> **Your goal**: Copy every record below exactly, leaving out any pictures.

> **Material to process**:
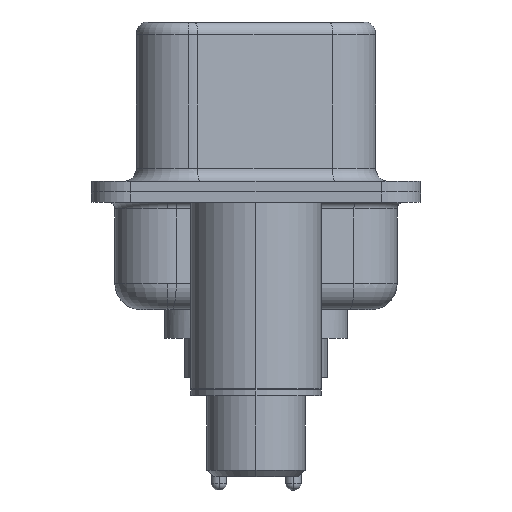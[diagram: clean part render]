
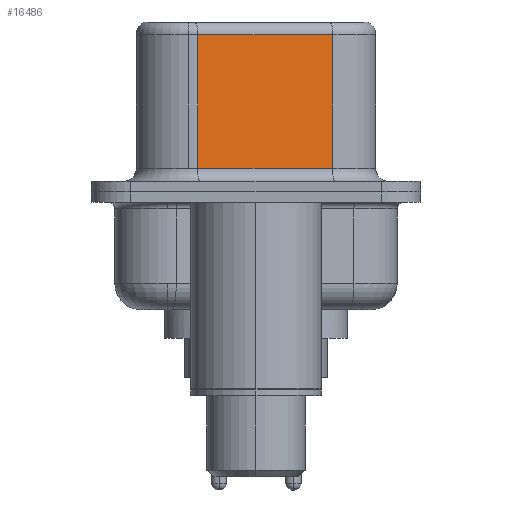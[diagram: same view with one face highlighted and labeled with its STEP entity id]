
A CAD part, left-side view. The second image highlights one B-rep face of the part: STEP entity #16486.
In plain terms, the highlighted planar face has unit normal (-0.985, -0.174, 0).
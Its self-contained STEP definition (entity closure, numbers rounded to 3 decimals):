
#55 = VECTOR ( 'NONE', #1124, 1000. ) ;
#612 = VERTEX_POINT ( 'NONE', #9684 ) ;
#864 = AXIS2_PLACEMENT_3D ( 'NONE', #1767, #11940, #3249 ) ;
#956 = ORIENTED_EDGE ( 'NONE', *, *, #3957, .T. ) ;
#1124 = DIRECTION ( 'NONE',  ( -0.174, 0.985, 0. ) ) ;
#1767 = CARTESIAN_POINT ( 'NONE',  ( 4.585, -2.927, 6.52 ) ) ;
#2561 = EDGE_LOOP ( 'NONE', ( #10286, #16785, #956, #15504 ) ) ;
#2970 = EDGE_CURVE ( 'NONE', #612, #15268, #8135, .T. ) ;
#3249 = DIRECTION ( 'NONE',  ( -0.174, 0.985, 0. ) ) ;
#3957 = EDGE_CURVE ( 'NONE', #9976, #18870, #16847, .T. ) ;
#4289 = VECTOR ( 'NONE', #18817, 1000. ) ;
#8031 = EDGE_CURVE ( 'NONE', #612, #9976, #18575, .T. ) ;
#8135 = LINE ( 'NONE', #18701, #4289 ) ;
#8366 = CARTESIAN_POINT ( 'NONE',  ( 4.585, -2.927, 6.02 ) ) ;
#9014 = VECTOR ( 'NONE', #18340, 1000. ) ;
#9460 = VECTOR ( 'NONE', #14322, 1000. ) ;
#9527 = CARTESIAN_POINT ( 'NONE',  ( 4.585, -2.927, 0.9 ) ) ;
#9684 = CARTESIAN_POINT ( 'NONE',  ( 4.585, -2.927, 6.02 ) ) ;
#9976 = VERTEX_POINT ( 'NONE', #18545 ) ;
#10030 = CARTESIAN_POINT ( 'NONE',  ( 4.585, -2.927, 0.9 ) ) ;
#10286 = ORIENTED_EDGE ( 'NONE', *, *, #2970, .F. ) ;
#11870 = PLANE ( 'NONE',  #864 ) ;
#11940 = DIRECTION ( 'NONE',  ( 0.985, 0.174, 0. ) ) ;
#12725 = EDGE_CURVE ( 'NONE', #18870, #15268, #12914, .T. ) ;
#12914 = LINE ( 'NONE', #9527, #9014 ) ;
#13039 = CARTESIAN_POINT ( 'NONE',  ( 3.675, 2.233, 0.9 ) ) ;
#13849 = CARTESIAN_POINT ( 'NONE',  ( 3.675, 2.233, 6.52 ) ) ;
#14322 = DIRECTION ( 'NONE',  ( 0., 0., -1. ) ) ;
#15268 = VERTEX_POINT ( 'NONE', #10030 ) ;
#15504 = ORIENTED_EDGE ( 'NONE', *, *, #12725, .T. ) ;
#16486 = ADVANCED_FACE ( 'NONE', ( #16662 ), #11870, .F. ) ;
#16662 = FACE_OUTER_BOUND ( 'NONE', #2561, .T. ) ;
#16785 = ORIENTED_EDGE ( 'NONE', *, *, #8031, .T. ) ;
#16847 = LINE ( 'NONE', #13849, #9460 ) ;
#18340 = DIRECTION ( 'NONE',  ( 0.174, -0.985, 0. ) ) ;
#18545 = CARTESIAN_POINT ( 'NONE',  ( 3.675, 2.233, 6.02 ) ) ;
#18575 = LINE ( 'NONE', #8366, #55 ) ;
#18701 = CARTESIAN_POINT ( 'NONE',  ( 4.585, -2.927, 6.52 ) ) ;
#18817 = DIRECTION ( 'NONE',  ( 0., 0., -1. ) ) ;
#18870 = VERTEX_POINT ( 'NONE', #13039 ) ;

> **Exercise solution**:
[diagram: clean part render]
[diagram: same view with one face highlighted and labeled with its STEP entity id]
A CAD part, left-side view. The second image highlights one B-rep face of the part: STEP entity #16486.
In plain terms, the highlighted planar face has unit normal (-0.985, -0.174, 0).
Its self-contained STEP definition (entity closure, numbers rounded to 3 decimals):
#55 = VECTOR ( 'NONE', #1124, 1000. ) ;
#612 = VERTEX_POINT ( 'NONE', #9684 ) ;
#864 = AXIS2_PLACEMENT_3D ( 'NONE', #1767, #11940, #3249 ) ;
#956 = ORIENTED_EDGE ( 'NONE', *, *, #3957, .T. ) ;
#1124 = DIRECTION ( 'NONE',  ( -0.174, 0.985, 0. ) ) ;
#1767 = CARTESIAN_POINT ( 'NONE',  ( 4.585, -2.927, 6.52 ) ) ;
#2561 = EDGE_LOOP ( 'NONE', ( #10286, #16785, #956, #15504 ) ) ;
#2970 = EDGE_CURVE ( 'NONE', #612, #15268, #8135, .T. ) ;
#3249 = DIRECTION ( 'NONE',  ( -0.174, 0.985, 0. ) ) ;
#3957 = EDGE_CURVE ( 'NONE', #9976, #18870, #16847, .T. ) ;
#4289 = VECTOR ( 'NONE', #18817, 1000. ) ;
#8031 = EDGE_CURVE ( 'NONE', #612, #9976, #18575, .T. ) ;
#8135 = LINE ( 'NONE', #18701, #4289 ) ;
#8366 = CARTESIAN_POINT ( 'NONE',  ( 4.585, -2.927, 6.02 ) ) ;
#9014 = VECTOR ( 'NONE', #18340, 1000. ) ;
#9460 = VECTOR ( 'NONE', #14322, 1000. ) ;
#9527 = CARTESIAN_POINT ( 'NONE',  ( 4.585, -2.927, 0.9 ) ) ;
#9684 = CARTESIAN_POINT ( 'NONE',  ( 4.585, -2.927, 6.02 ) ) ;
#9976 = VERTEX_POINT ( 'NONE', #18545 ) ;
#10030 = CARTESIAN_POINT ( 'NONE',  ( 4.585, -2.927, 0.9 ) ) ;
#10286 = ORIENTED_EDGE ( 'NONE', *, *, #2970, .F. ) ;
#11870 = PLANE ( 'NONE',  #864 ) ;
#11940 = DIRECTION ( 'NONE',  ( 0.985, 0.174, 0. ) ) ;
#12725 = EDGE_CURVE ( 'NONE', #18870, #15268, #12914, .T. ) ;
#12914 = LINE ( 'NONE', #9527, #9014 ) ;
#13039 = CARTESIAN_POINT ( 'NONE',  ( 3.675, 2.233, 0.9 ) ) ;
#13849 = CARTESIAN_POINT ( 'NONE',  ( 3.675, 2.233, 6.52 ) ) ;
#14322 = DIRECTION ( 'NONE',  ( 0., 0., -1. ) ) ;
#15268 = VERTEX_POINT ( 'NONE', #10030 ) ;
#15504 = ORIENTED_EDGE ( 'NONE', *, *, #12725, .T. ) ;
#16486 = ADVANCED_FACE ( 'NONE', ( #16662 ), #11870, .F. ) ;
#16662 = FACE_OUTER_BOUND ( 'NONE', #2561, .T. ) ;
#16785 = ORIENTED_EDGE ( 'NONE', *, *, #8031, .T. ) ;
#16847 = LINE ( 'NONE', #13849, #9460 ) ;
#18340 = DIRECTION ( 'NONE',  ( 0.174, -0.985, 0. ) ) ;
#18545 = CARTESIAN_POINT ( 'NONE',  ( 3.675, 2.233, 6.02 ) ) ;
#18575 = LINE ( 'NONE', #8366, #55 ) ;
#18701 = CARTESIAN_POINT ( 'NONE',  ( 4.585, -2.927, 6.52 ) ) ;
#18817 = DIRECTION ( 'NONE',  ( 0., 0., -1. ) ) ;
#18870 = VERTEX_POINT ( 'NONE', #13039 ) ;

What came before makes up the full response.